# Slot Car Racing ,Allentown Pa



## Redman440 (Sep 26, 2007)

Hello All,

I am excited to say that 

Valley Rail Trains
Merchants Square Mall
1901 S 12th st
Allentown Pa 18103
610-440-0487
http://www.mosttrains.com

has added "Schoolhouse Road" to the store. For those of you who arent familiar with that. It is Henry Harnish,s 4 lane HO wizz track. This is a nice track and we have finnally got it set up in the store. We are hoping to start organizing some events in the future. "Anyone who wants to help please contact me" But in the mean time we will have open racing, Free this weekend 4/29-5/1. So stop by and check it out. Bring you own cars or use ours.

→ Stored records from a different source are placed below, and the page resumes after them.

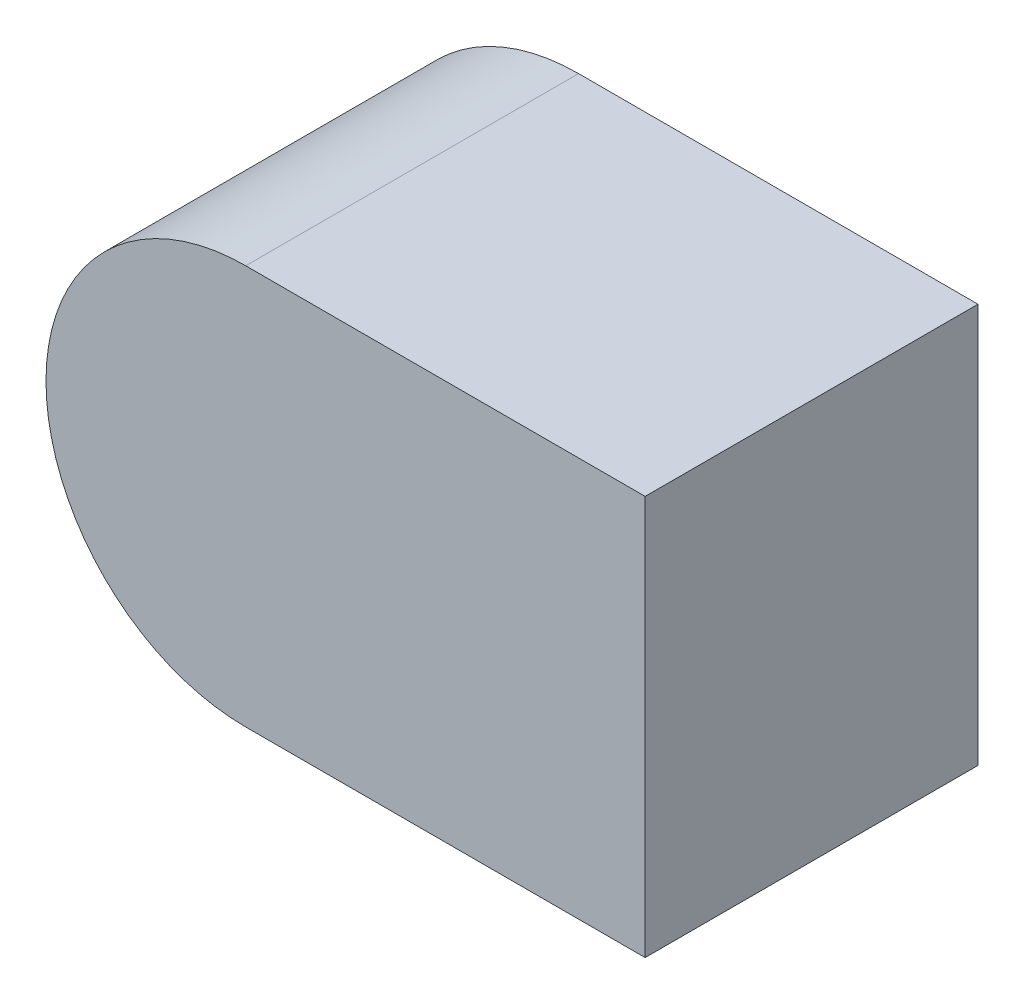
ISO-10303-21;
HEADER;
FILE_DESCRIPTION(('STEP AP214'),'2;1');
FILE_NAME('part.step','',(''),(''),'','','');
FILE_SCHEMA(('AUTOMOTIVE_DESIGN { 1 0 10303 214 1 1 1 1 }'));
ENDSEC;
DATA;
#1=APPLICATION_CONTEXT('core data for automotive mechanical design processes');
#2=APPLICATION_PROTOCOL_DEFINITION('international standard','automotive_design',2000,#1);
#3=PRODUCT_CONTEXT('',#1,'mechanical');
#4=PRODUCT('Part','Part','',(#3));
#5=PRODUCT_RELATED_PRODUCT_CATEGORY('part','',(#4));
#6=PRODUCT_DEFINITION_FORMATION('','',#4);
#7=PRODUCT_DEFINITION_CONTEXT('part definition',#1,'design');
#8=PRODUCT_DEFINITION('design','',#6,#7);
#9=PRODUCT_DEFINITION_SHAPE('','',#8);
#10=(LENGTH_UNIT() NAMED_UNIT(*) SI_UNIT(.MILLI.,.METRE.));
#11=(NAMED_UNIT(*) PLANE_ANGLE_UNIT() SI_UNIT($,.RADIAN.));
#12=(NAMED_UNIT(*) SI_UNIT($,.STERADIAN.) SOLID_ANGLE_UNIT());
#13=UNCERTAINTY_MEASURE_WITH_UNIT(LENGTH_MEASURE(1.E-05),#10,'distance_accuracy_value','');
#14=(GEOMETRIC_REPRESENTATION_CONTEXT(3) GLOBAL_UNCERTAINTY_ASSIGNED_CONTEXT((#13)) GLOBAL_UNIT_ASSIGNED_CONTEXT((#10,
#11,#12)) REPRESENTATION_CONTEXT('',''));
#15=CARTESIAN_POINT('',(0.,0.,0.));
#16=DIRECTION('',(0.,0.,1.));
#17=DIRECTION('',(1.,0.,0.));
#18=AXIS2_PLACEMENT_3D('',#15,#16,#17);
#19=CARTESIAN_POINT('',(-0.15,0.,0.));
#20=DIRECTION('',(0.,0.,1.));
#21=DIRECTION('',(-1.,0.,0.));
#22=AXIS2_PLACEMENT_3D('',#19,#20,#21);
#23=CYLINDRICAL_SURFACE('',#22,0.15);
#24=CARTESIAN_POINT('',(-0.15,0.,0.));
#25=DIRECTION('',(0.,0.,-1.));
#26=DIRECTION('',(1.,0.,0.));
#27=AXIS2_PLACEMENT_3D('',#24,#25,#26);
#28=CIRCLE('',#27,0.15);
#29=CARTESIAN_POINT('',(-0.15,-0.15,0.));
#30=VERTEX_POINT('',#29);
#31=CARTESIAN_POINT('',(-0.15,0.15,0.));
#32=VERTEX_POINT('',#31);
#33=EDGE_CURVE('E77',#30,#32,#28,.T.);
#34=ORIENTED_EDGE('',*,*,#33,.F.);
#35=DIRECTION('',(0.,0.,1.));
#36=VECTOR('',#35,1.);
#37=CARTESIAN_POINT('',(-0.15,-0.15,0.));
#38=LINE('',#37,#36);
#39=CARTESIAN_POINT('',(-0.15,-0.15,0.25));
#40=VERTEX_POINT('',#39);
#41=EDGE_CURVE('E11',#30,#40,#38,.T.);
#42=ORIENTED_EDGE('',*,*,#41,.T.);
#43=CARTESIAN_POINT('',(-0.15,0.,0.25));
#44=DIRECTION('',(0.,0.,1.));
#45=DIRECTION('',(1.,0.,0.));
#46=AXIS2_PLACEMENT_3D('',#43,#44,#45);
#47=CIRCLE('',#46,0.15);
#48=CARTESIAN_POINT('',(-0.15,0.15,0.25));
#49=VERTEX_POINT('',#48);
#50=EDGE_CURVE('E58',#49,#40,#47,.T.);
#51=ORIENTED_EDGE('',*,*,#50,.F.);
#52=DIRECTION('',(0.,0.,1.));
#53=VECTOR('',#52,1.);
#54=CARTESIAN_POINT('',(-0.15,0.15,0.));
#55=LINE('',#54,#53);
#56=EDGE_CURVE('E75',#32,#49,#55,.T.);
#57=ORIENTED_EDGE('',*,*,#56,.F.);
#58=EDGE_LOOP('',(#34,#42,#51,#57));
#59=FACE_BOUND('',#58,.T.);
#60=ADVANCED_FACE('F17',(#59),#23,.T.);
#61=CARTESIAN_POINT('',(-0.15,-0.15,0.25));
#62=DIRECTION('',(0.,1.,0.));
#63=DIRECTION('',(1.,0.,0.));
#64=AXIS2_PLACEMENT_3D('',#61,#62,#63);
#65=PLANE('',#64);
#66=DIRECTION('',(-1.,0.,0.));
#67=VECTOR('',#66,1.);
#68=CARTESIAN_POINT('',(0.15,-0.15,0.));
#69=LINE('',#68,#67);
#70=CARTESIAN_POINT('',(0.15,-0.15,0.));
#71=VERTEX_POINT('',#70);
#72=EDGE_CURVE('E90',#71,#30,#69,.T.);
#73=ORIENTED_EDGE('',*,*,#72,.F.);
#74=DIRECTION('',(0.,0.,1.));
#75=VECTOR('',#74,1.);
#76=CARTESIAN_POINT('',(0.15,-0.15,0.));
#77=LINE('',#76,#75);
#78=CARTESIAN_POINT('',(0.15,-0.15,0.25));
#79=VERTEX_POINT('',#78);
#80=EDGE_CURVE('E26',#71,#79,#77,.T.);
#81=ORIENTED_EDGE('',*,*,#80,.T.);
#82=DIRECTION('',(1.,0.,0.));
#83=VECTOR('',#82,1.);
#84=CARTESIAN_POINT('',(-0.15,-0.15,0.25));
#85=LINE('',#84,#83);
#86=EDGE_CURVE('E104',#40,#79,#85,.T.);
#87=ORIENTED_EDGE('',*,*,#86,.F.);
#88=ORIENTED_EDGE('',*,*,#41,.F.);
#89=EDGE_LOOP('',(#73,#81,#87,#88));
#90=FACE_BOUND('',#89,.T.);
#91=ADVANCED_FACE('F150',(#90),#65,.F.);
#92=CARTESIAN_POINT('',(0.15,-0.15,0.25));
#93=DIRECTION('',(-1.,0.,0.));
#94=DIRECTION('',(0.,1.,0.));
#95=AXIS2_PLACEMENT_3D('',#92,#93,#94);
#96=PLANE('',#95);
#97=DIRECTION('',(0.,-1.,0.));
#98=VECTOR('',#97,1.);
#99=CARTESIAN_POINT('',(0.15,0.15,0.));
#100=LINE('',#99,#98);
#101=CARTESIAN_POINT('',(0.15,0.15,0.));
#102=VERTEX_POINT('',#101);
#103=EDGE_CURVE('E97',#102,#71,#100,.T.);
#104=ORIENTED_EDGE('',*,*,#103,.F.);
#105=DIRECTION('',(0.,0.,1.));
#106=VECTOR('',#105,1.);
#107=CARTESIAN_POINT('',(0.15,0.15,0.));
#108=LINE('',#107,#106);
#109=CARTESIAN_POINT('',(0.15,0.15,0.25));
#110=VERTEX_POINT('',#109);
#111=EDGE_CURVE('E94',#102,#110,#108,.T.);
#112=ORIENTED_EDGE('',*,*,#111,.T.);
#113=DIRECTION('',(0.,1.,0.));
#114=VECTOR('',#113,1.);
#115=CARTESIAN_POINT('',(0.15,-0.15,0.25));
#116=LINE('',#115,#114);
#117=EDGE_CURVE('E49',#79,#110,#116,.T.);
#118=ORIENTED_EDGE('',*,*,#117,.F.);
#119=ORIENTED_EDGE('',*,*,#80,.F.);
#120=EDGE_LOOP('',(#104,#112,#118,#119));
#121=FACE_BOUND('',#120,.T.);
#122=ADVANCED_FACE('F127',(#121),#96,.F.);
#123=CARTESIAN_POINT('',(-0.04553418012615,0.,0.25));
#124=DIRECTION('',(0.,0.,1.));
#125=DIRECTION('',(0.,-1.,0.));
#126=AXIS2_PLACEMENT_3D('',#123,#124,#125);
#127=PLANE('',#126);
#128=ORIENTED_EDGE('',*,*,#86,.T.);
#129=ORIENTED_EDGE('',*,*,#117,.T.);
#130=DIRECTION('',(-1.,0.,0.));
#131=VECTOR('',#130,1.);
#132=CARTESIAN_POINT('',(0.15,0.15,0.25));
#133=LINE('',#132,#131);
#134=EDGE_CURVE('E83',#110,#49,#133,.T.);
#135=ORIENTED_EDGE('',*,*,#134,.T.);
#136=ORIENTED_EDGE('',*,*,#50,.T.);
#137=EDGE_LOOP('',(#128,#129,#135,#136));
#138=FACE_BOUND('',#137,.T.);
#139=ADVANCED_FACE('F122',(#138),#127,.T.);
#140=CARTESIAN_POINT('',(0.15,0.15,0.25));
#141=DIRECTION('',(0.,-1.,0.));
#142=DIRECTION('',(0.,0.,-1.));
#143=AXIS2_PLACEMENT_3D('',#140,#141,#142);
#144=PLANE('',#143);
#145=DIRECTION('',(1.,0.,0.));
#146=VECTOR('',#145,1.);
#147=CARTESIAN_POINT('',(-0.15,0.15,0.));
#148=LINE('',#147,#146);
#149=EDGE_CURVE('E89',#32,#102,#148,.T.);
#150=ORIENTED_EDGE('',*,*,#149,.F.);
#151=ORIENTED_EDGE('',*,*,#56,.T.);
#152=ORIENTED_EDGE('',*,*,#134,.F.);
#153=ORIENTED_EDGE('',*,*,#111,.F.);
#154=EDGE_LOOP('',(#150,#151,#152,#153));
#155=FACE_BOUND('',#154,.T.);
#156=ADVANCED_FACE('F93',(#155),#144,.F.);
#157=CARTESIAN_POINT('',(-0.04553418012615,0.,0.));
#158=DIRECTION('',(0.,0.,1.));
#159=DIRECTION('',(1.,0.,0.));
#160=AXIS2_PLACEMENT_3D('',#157,#158,#159);
#161=PLANE('',#160);
#162=ORIENTED_EDGE('',*,*,#149,.T.);
#163=ORIENTED_EDGE('',*,*,#103,.T.);
#164=ORIENTED_EDGE('',*,*,#72,.T.);
#165=ORIENTED_EDGE('',*,*,#33,.T.);
#166=EDGE_LOOP('',(#162,#163,#164,#165));
#167=FACE_BOUND('',#166,.T.);
#168=ADVANCED_FACE('F87',(#167),#161,.F.);
#169=CLOSED_SHELL('',(#60,#91,#122,#139,#156,#168));
#170=MANIFOLD_SOLID_BREP('B1',#169);
#171=ADVANCED_BREP_SHAPE_REPRESENTATION('',(#18,#170),#14);
#172=SHAPE_DEFINITION_REPRESENTATION(#9,#171);
ENDSEC;
END-ISO-10303-21;

Hope to see ya soon. :wave: We also have a great selection of Slots and parts for sale...


----------



## wheelszk (Jul 8, 2006)

Kevin, why can't I send a PM to you?


----------



## Joe65SkylarkGS (Feb 15, 2010)

Wow thats a cool looking layout!!! Are you going to the Scranton show sunday Kevin?


----------



## Redman440 (Sep 26, 2007)

Hello Al, 
No I wont make it to scranton I am sorry to say. I am going to try and get my race car on the road weather permitting. But if your in the neighborhood Saturday stop by the store we have added lots of slots to the inventory. Plus Maybe we can run a few laps. :thumbsup: Its always good to see you Al. I also am not sure why my PM dont work but you can email me at [email protected]. I would like any input on classes and what type of events to host. 

Kevin


----------



## alpink (Aug 22, 2010)

RedMan/Kevin, that wheelszk-ProRacing1 is Bill. LOL but it is always good to get acknowledgment anyway I can. LOL. I hope to try your track soon. al


----------



## wheelszk (Jul 8, 2006)

I am going to stop in Fri afternoon, be warned. :wave:


----------



## Redman440 (Sep 26, 2007)

Glad to hear Bill, I wont be able to be there till 5.30. I have to work but enjoy yourself. Hopefully I might catch you when I get off work. Go easy on my dad he hasnt had much track time lol.


----------